Ambos permanecieron tendidos en el amplio lecho, en la oscuridad. Mona contempló el dosel de raso amarillo, preguntándose si Mary Beth habría contemplado ese mismo dibujo y ese mismo color. Michael reposaba junto a ella, drogado y exhausto. Ella deseaba preguntarle lo que había visto, pero no se atrevía a hacerlo. Veía en su mente el doble salón, como una hermosa fotografía en sepia. ¿No había visto alguna vez una fotografía semejante, con esos candelabros y esos sillones?
—No podemos permitir que vuelva a suceder, bonita —balbuceó Michael, abrazándola—. Jamás.
Su respiración era un tanto trabajosa, pero estaba perfectamente.
—Si tú lo dices, tío Michael —respondió Mona—. Pero me gustaría expresar mi opinión al respecto.

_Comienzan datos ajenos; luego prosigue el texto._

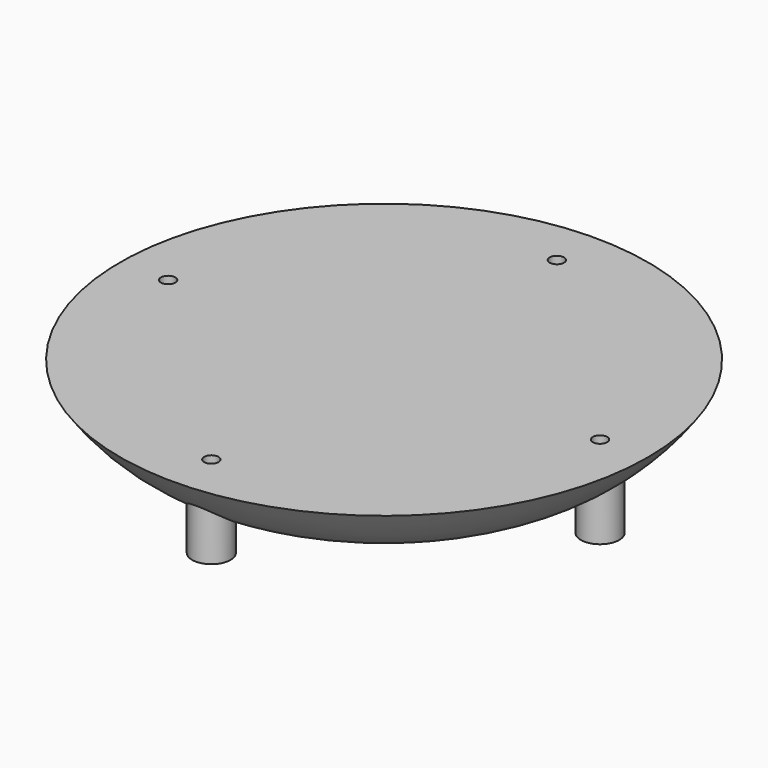
from build123d import *

# Parameters (mm, degrees)
F3_R     = 4
F4_DEPTH = 12
F5_R     = 1.5
F6_DEPTH = 25


with BuildPart() as f1:
    # F0 (on Front) → F1 (revolve)
    with BuildSketch(Plane.XZ):
        with BuildLine():
            Line((0, 19.93), (0, 2.5))
            Line((0, 2.5), (5, 2.5))
            add(Edge.make_bspline(
                [(5, 2.5), (5.3328510826, 2.4217743273), (5.9964782101, 2.2658106511), (6.9983179352, 2.1197039578), (7.9995053084, 2.0366561555), (8.9996417233, 1.9739737746), (9.9999165926, 1.9475438797), (11.0000008446, 1.935865527), (12.0000383829, 1.9489951187), (13.0000622241, 1.9681576208), (14.0000874592, 1.9983838356), (15.0001122592, 2.0383255927), (16.0001370916, 2.0883442574), (17.0001618271, 2.148342783), (18.0001864282, 2.2183478788), (19.0002110875, 2.2983497638), (20.0002349857, 2.3883608236), (21.0002611249, 2.4883412474), (22.0002782257, 2.5984379641), (23.0003283544, 2.7181026114), (24.0002543135, 2.8493833922), (25.000895917, 2.9846630387), (25.9998052646, 3.1525131019), (27.0009227888, 3.3054508496), (28.0009713029, 3.4864375887), (29.0003478858, 3.6897873256), (30.0012434797, 3.8951500576), (31.0002728406, 4.1308468645), (32.0021624026, 4.3625117569), (33.0002529532, 4.6414496195), (34.0023629695, 4.9132136305), (35.0011881909, 5.2289056776), (36.0025557063, 5.5542640629), (37.0014311173, 5.9184670669), (38.0025624421, 6.2958891719), (39.0037946478, 6.7040678184), (40.0028107947, 7.1566870694), (41.0027396353, 7.6374785101), (42.0055454925, 8.1429278876), (43.004228325, 8.7064011364), (44.004224438, 9.306997806), (45.0073247322, 9.9432016714), (46.0057995192, 10.6465378886), (47.0058234103, 11.3970699492), (48.0088937531, 12.1945745949), (49.0086544899, 13.0664036563), (50.0086681154, 14.007093901), (51.009971062, 15.0171879868), (52.0113800481, 16.1070392374), (53.010593298, 17.2897231439), (54.0131863874, 18.5559560931), (54.6684343672, 19.4683264564), (55, 19.93)],
                knots=[0, 0, 0, 0, 0.0192342727, 0.0383486364, 0.0573953442, 0.0764207609, 0.0954333686, 0.1144421761, 0.1334509836, 0.1524612165, 0.1714738242, 0.1904897553, 0.2095099566, 0.2285353734, 0.2475669482, 0.2666056211, 0.285652329, 0.3047080049, 0.3237735783, 0.3428499742, 0.3619381127, 0.3810389089, 0.4001677438, 0.4192965787, 0.4384570424, 0.4576526715, 0.4768671915, 0.4961220706, 0.5153984017, 0.534744074, 0.5541144917, 0.5735639074, 0.5930698576, 0.6126662076, 0.6323264323, 0.6520876645, 0.6719928068, 0.6920124161, 0.7121517577, 0.7325015415, 0.7530286956, 0.7737405025, 0.7947415319, 0.8159934935, 0.837504215, 0.8593884201, 0.8816569315, 0.9043183574, 0.9274369188, 0.9510771906, 0.9752443002, 1, 1, 1, 1], degree=3))
            Line((55, 19.93), (0, 19.93))
        make_face()
    revolve(axis=Axis((0, 0, 5.0231479108), (0, 0, 1)))

    # F3 (on offset) → F4 (join)
    with BuildSketch(Plane.XY.offset(2.8)):
        with Locations((0, -45)):
            Circle(F3_R)
        with Locations((45, 0)):
            Circle(F3_R)
        with Locations((0, 45)):
            Circle(F3_R)
        with Locations((-45, 0)):
            Circle(F3_R)
    extrude(amount=F4_DEPTH)

    # F5 (on offset) → F6 (cut)
    with BuildSketch(Plane.XY.offset(2.8)):
        with Locations((45, 0)):
            Circle(F5_R)
        with Locations((0, -45)):
            Circle(F5_R)
        with Locations((-45, 0)):
            Circle(F5_R)
        with Locations((0, 45)):
            Circle(F5_R)
    extrude(amount=F6_DEPTH, mode=Mode.SUBTRACT)

    # F7 (on Front) → F8 (revolve)
    with BuildSketch(Plane.XZ):
        Polygon((4, 2.5), (0, 2.5), (0, 0.5), align=None)
    revolve(axis=Axis((0, 0, 9.9652772769), (0, 0, 1)))


solid = f1.part

¡Se habían acostado en el lecho de Mary Beth, en el lecho de Deirdre! Mona se acurrucó junto a él y notó el calor de su mano, que estaba apoyada en su seno.
—¿Esa música que sonaba no era el vals de Verdi? —preguntó Michael—. El de La Traviata. Me pareció reconocerlo...
Al cabo de unos segundos se quedó dormido. Mona sonrió en la oscuridad. De modo que había reconocido el vals, lo cual significaba que había estado allí con ella. Mona se volvió, lo besó en la mejilla suavemente para no despertarlo y se durmió con una mano apoyada en su pecho, sintiendo el cálido tacto de su piel.